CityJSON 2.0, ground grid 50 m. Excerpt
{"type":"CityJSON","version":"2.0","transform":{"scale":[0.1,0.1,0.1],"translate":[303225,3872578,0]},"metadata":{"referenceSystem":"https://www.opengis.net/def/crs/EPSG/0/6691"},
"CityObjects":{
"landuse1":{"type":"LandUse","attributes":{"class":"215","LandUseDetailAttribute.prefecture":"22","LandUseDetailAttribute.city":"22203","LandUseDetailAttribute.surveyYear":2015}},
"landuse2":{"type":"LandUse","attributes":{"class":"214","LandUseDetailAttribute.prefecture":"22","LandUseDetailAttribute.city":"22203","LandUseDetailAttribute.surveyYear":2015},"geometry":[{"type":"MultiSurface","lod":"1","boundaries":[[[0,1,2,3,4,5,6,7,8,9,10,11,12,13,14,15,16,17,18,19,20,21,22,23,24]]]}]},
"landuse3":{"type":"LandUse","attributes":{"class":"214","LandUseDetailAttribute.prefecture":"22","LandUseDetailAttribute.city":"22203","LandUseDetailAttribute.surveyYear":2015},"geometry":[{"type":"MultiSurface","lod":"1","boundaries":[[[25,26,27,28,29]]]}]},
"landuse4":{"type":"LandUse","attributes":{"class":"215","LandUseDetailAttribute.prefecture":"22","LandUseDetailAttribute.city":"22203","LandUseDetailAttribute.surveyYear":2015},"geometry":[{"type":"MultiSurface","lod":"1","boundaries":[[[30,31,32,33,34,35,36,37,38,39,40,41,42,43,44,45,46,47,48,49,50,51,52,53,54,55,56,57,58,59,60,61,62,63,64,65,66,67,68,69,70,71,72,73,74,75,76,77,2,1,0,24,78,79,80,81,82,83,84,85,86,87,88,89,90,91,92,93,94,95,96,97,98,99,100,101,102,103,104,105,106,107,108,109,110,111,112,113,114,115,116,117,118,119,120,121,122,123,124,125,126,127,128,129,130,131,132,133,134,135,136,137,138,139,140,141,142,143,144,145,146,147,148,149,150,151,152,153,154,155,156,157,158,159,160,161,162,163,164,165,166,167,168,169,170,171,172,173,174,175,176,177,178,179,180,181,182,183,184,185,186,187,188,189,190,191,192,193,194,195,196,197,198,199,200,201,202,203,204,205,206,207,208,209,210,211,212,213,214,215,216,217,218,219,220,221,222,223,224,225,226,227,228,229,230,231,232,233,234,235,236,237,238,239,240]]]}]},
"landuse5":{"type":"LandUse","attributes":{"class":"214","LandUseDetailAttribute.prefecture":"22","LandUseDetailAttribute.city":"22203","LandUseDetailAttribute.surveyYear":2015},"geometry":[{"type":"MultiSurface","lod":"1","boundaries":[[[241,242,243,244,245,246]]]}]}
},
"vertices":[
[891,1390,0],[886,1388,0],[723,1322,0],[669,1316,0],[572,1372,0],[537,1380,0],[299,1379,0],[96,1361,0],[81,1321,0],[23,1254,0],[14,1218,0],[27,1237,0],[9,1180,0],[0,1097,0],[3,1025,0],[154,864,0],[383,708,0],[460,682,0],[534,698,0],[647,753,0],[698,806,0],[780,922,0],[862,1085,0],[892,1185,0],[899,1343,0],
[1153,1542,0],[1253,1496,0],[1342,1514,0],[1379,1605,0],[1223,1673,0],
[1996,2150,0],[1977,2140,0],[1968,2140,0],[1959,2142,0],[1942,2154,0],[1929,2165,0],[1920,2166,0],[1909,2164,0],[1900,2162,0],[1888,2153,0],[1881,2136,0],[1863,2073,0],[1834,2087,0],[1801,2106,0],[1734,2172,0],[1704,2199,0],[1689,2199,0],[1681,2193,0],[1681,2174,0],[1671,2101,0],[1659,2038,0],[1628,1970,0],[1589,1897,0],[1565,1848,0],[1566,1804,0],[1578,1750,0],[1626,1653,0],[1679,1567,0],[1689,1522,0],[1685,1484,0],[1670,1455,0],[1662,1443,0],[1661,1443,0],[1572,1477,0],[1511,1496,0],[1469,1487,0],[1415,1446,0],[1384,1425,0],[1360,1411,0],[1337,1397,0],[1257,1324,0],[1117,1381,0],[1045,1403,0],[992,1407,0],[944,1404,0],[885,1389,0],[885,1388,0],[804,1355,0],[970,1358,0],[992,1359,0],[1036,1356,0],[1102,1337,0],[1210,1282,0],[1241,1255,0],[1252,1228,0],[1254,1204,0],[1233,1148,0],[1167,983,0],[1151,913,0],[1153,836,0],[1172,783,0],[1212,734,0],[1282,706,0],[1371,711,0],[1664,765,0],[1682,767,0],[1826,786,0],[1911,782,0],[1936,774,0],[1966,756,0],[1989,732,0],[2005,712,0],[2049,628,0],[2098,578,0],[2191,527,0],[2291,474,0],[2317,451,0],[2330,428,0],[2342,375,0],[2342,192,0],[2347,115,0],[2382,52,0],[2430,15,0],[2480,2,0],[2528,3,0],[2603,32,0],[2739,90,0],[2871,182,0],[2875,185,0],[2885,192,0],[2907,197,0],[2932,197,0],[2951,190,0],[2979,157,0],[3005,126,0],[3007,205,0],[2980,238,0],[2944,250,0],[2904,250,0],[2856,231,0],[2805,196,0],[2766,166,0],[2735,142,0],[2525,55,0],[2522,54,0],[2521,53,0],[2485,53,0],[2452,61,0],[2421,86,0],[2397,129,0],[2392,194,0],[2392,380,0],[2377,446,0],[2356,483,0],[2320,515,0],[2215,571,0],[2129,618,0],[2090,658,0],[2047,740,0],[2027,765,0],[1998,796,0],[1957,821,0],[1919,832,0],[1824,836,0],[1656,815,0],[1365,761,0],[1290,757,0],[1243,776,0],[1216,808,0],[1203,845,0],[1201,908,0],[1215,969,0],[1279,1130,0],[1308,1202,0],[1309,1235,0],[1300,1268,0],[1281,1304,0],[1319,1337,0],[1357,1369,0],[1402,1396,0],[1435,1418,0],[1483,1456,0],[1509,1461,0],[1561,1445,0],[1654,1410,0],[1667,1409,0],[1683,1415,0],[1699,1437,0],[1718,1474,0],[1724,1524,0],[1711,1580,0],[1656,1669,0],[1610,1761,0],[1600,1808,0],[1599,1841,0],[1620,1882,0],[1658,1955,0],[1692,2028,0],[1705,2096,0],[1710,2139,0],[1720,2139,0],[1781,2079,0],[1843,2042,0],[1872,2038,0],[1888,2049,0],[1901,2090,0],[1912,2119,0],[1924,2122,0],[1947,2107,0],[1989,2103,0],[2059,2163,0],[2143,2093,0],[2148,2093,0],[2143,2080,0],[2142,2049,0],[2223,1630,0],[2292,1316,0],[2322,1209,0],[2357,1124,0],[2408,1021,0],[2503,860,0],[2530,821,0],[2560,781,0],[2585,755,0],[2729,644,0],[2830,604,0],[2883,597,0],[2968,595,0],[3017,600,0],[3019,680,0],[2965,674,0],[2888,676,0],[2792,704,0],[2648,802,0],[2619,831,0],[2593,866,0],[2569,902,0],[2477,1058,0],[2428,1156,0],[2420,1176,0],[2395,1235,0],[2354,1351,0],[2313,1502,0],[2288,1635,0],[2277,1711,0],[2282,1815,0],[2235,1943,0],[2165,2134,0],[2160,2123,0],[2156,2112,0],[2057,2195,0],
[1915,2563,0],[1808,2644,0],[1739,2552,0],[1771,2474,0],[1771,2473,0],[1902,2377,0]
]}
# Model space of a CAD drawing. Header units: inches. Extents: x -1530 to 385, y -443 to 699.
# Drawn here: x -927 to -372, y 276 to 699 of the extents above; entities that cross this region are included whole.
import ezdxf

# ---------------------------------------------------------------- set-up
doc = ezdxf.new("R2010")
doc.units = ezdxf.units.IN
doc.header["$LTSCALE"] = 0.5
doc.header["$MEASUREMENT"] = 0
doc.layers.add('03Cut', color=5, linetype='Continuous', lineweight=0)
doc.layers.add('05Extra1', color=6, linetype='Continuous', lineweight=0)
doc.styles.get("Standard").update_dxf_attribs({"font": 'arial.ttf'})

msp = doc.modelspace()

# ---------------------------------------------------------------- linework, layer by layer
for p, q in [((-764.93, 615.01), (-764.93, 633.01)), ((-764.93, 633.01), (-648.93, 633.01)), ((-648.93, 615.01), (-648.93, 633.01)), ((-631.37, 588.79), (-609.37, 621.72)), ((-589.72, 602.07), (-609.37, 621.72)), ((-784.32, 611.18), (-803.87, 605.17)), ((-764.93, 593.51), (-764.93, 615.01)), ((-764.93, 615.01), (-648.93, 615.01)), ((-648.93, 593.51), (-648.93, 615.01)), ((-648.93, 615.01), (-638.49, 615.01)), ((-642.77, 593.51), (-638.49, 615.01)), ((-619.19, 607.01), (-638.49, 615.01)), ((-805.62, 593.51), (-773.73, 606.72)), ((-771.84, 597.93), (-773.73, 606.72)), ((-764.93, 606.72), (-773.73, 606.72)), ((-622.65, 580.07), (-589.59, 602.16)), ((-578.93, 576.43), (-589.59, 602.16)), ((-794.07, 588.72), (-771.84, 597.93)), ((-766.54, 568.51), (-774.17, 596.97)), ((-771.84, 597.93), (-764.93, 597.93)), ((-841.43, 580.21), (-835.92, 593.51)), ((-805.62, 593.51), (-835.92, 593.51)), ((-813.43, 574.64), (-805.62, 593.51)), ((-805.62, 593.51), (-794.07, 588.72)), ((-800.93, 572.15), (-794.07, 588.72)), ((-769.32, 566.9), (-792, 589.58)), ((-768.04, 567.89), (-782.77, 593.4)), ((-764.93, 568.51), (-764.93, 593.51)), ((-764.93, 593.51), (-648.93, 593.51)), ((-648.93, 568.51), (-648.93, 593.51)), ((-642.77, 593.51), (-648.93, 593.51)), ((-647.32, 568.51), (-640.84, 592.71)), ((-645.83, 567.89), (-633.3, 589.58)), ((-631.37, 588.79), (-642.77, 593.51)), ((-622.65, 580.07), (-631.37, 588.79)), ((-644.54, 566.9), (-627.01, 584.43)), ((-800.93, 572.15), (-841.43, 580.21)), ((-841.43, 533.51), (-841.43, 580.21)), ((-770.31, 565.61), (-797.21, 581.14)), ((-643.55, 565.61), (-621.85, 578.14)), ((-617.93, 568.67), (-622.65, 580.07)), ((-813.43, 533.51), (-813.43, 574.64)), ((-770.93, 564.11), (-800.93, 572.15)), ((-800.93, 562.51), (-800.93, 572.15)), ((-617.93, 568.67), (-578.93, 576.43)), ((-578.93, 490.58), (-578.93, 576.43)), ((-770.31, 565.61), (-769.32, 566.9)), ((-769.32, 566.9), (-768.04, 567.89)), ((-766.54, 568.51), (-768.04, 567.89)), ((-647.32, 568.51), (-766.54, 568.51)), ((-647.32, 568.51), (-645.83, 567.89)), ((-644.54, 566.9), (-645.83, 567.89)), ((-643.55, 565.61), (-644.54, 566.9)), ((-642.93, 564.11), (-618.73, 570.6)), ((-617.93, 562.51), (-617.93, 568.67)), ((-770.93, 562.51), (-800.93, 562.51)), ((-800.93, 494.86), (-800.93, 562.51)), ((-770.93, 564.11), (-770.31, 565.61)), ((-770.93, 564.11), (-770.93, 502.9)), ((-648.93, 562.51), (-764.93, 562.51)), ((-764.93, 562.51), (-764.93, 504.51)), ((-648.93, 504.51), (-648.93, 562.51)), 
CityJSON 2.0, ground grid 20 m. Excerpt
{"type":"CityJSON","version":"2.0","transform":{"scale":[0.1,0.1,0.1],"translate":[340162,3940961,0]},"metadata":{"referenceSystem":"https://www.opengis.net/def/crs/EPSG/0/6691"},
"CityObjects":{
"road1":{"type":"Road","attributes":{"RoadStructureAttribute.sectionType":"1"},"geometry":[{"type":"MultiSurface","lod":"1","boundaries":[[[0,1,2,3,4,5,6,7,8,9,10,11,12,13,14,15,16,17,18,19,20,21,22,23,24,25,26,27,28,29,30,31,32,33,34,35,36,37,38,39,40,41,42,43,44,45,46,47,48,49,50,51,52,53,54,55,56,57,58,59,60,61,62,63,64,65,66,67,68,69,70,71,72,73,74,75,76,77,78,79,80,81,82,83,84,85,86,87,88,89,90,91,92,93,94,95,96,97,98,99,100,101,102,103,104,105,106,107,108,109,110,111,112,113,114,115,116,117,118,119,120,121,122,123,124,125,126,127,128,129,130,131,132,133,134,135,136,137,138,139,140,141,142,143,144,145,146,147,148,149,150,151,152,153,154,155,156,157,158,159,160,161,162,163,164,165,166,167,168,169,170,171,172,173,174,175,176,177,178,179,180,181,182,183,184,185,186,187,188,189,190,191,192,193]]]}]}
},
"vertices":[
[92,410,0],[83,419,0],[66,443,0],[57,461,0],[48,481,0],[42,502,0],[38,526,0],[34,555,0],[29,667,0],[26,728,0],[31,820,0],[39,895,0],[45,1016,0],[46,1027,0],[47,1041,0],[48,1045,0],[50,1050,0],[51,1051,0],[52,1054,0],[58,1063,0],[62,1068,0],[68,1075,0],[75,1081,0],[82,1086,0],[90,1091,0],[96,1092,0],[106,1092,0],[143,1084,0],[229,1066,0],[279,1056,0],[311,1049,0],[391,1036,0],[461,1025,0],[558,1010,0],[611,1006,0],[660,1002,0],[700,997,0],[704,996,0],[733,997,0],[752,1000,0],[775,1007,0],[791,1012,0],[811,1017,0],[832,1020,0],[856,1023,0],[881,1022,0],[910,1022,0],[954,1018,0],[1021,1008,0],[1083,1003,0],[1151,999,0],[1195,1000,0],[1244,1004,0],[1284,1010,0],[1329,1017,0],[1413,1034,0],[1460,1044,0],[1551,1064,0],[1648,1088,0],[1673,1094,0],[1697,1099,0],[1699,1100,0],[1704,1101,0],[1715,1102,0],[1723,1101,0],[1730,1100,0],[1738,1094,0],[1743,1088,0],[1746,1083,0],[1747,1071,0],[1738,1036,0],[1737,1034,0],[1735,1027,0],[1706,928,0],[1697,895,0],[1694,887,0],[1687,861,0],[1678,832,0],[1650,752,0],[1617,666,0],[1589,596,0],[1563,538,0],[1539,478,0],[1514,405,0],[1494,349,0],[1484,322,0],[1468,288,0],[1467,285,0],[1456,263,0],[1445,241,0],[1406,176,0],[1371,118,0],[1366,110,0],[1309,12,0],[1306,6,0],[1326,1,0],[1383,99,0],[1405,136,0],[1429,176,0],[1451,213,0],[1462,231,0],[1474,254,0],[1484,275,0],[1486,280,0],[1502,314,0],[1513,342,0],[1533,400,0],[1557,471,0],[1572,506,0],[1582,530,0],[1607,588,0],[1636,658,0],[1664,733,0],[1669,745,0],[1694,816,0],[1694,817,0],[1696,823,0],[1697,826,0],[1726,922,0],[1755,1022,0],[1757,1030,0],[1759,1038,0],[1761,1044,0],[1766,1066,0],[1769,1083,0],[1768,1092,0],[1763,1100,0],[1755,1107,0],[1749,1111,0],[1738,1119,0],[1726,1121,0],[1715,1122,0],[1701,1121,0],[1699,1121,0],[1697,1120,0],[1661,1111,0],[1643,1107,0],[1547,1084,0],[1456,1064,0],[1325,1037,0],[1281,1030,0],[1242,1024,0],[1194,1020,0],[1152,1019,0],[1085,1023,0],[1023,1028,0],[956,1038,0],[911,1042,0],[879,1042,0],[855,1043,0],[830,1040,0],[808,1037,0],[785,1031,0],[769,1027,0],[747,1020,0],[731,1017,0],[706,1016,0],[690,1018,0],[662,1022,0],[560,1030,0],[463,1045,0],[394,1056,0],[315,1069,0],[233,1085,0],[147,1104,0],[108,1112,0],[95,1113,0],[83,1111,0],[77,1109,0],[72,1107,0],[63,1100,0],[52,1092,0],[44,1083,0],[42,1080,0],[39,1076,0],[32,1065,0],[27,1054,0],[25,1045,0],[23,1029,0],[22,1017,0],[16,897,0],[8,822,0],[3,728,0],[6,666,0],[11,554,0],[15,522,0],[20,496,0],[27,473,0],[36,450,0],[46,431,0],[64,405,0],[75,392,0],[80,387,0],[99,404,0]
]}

- WHAT THE TASK REQUIRES: Nothing but the lines holding the word "referenceSystem" should be returned from the listing above.

- ANSWER TO THIS PROBLEM:
{"type":"CityJSON","version":"2.0","transform":{"scale":[0.1,0.1,0.1],"translate":[303225,3872578,0]},"metadata":{"referenceSystem":"https://www.opengis.net/def/crs/EPSG/0/6691"},
{"type":"CityJSON","version":"2.0","transform":{"scale":[0.1,0.1,0.1],"translate":[340162,3940961,0]},"metadata":{"referenceSystem":"https://www.opengis.net/def/crs/EPSG/0/6691"},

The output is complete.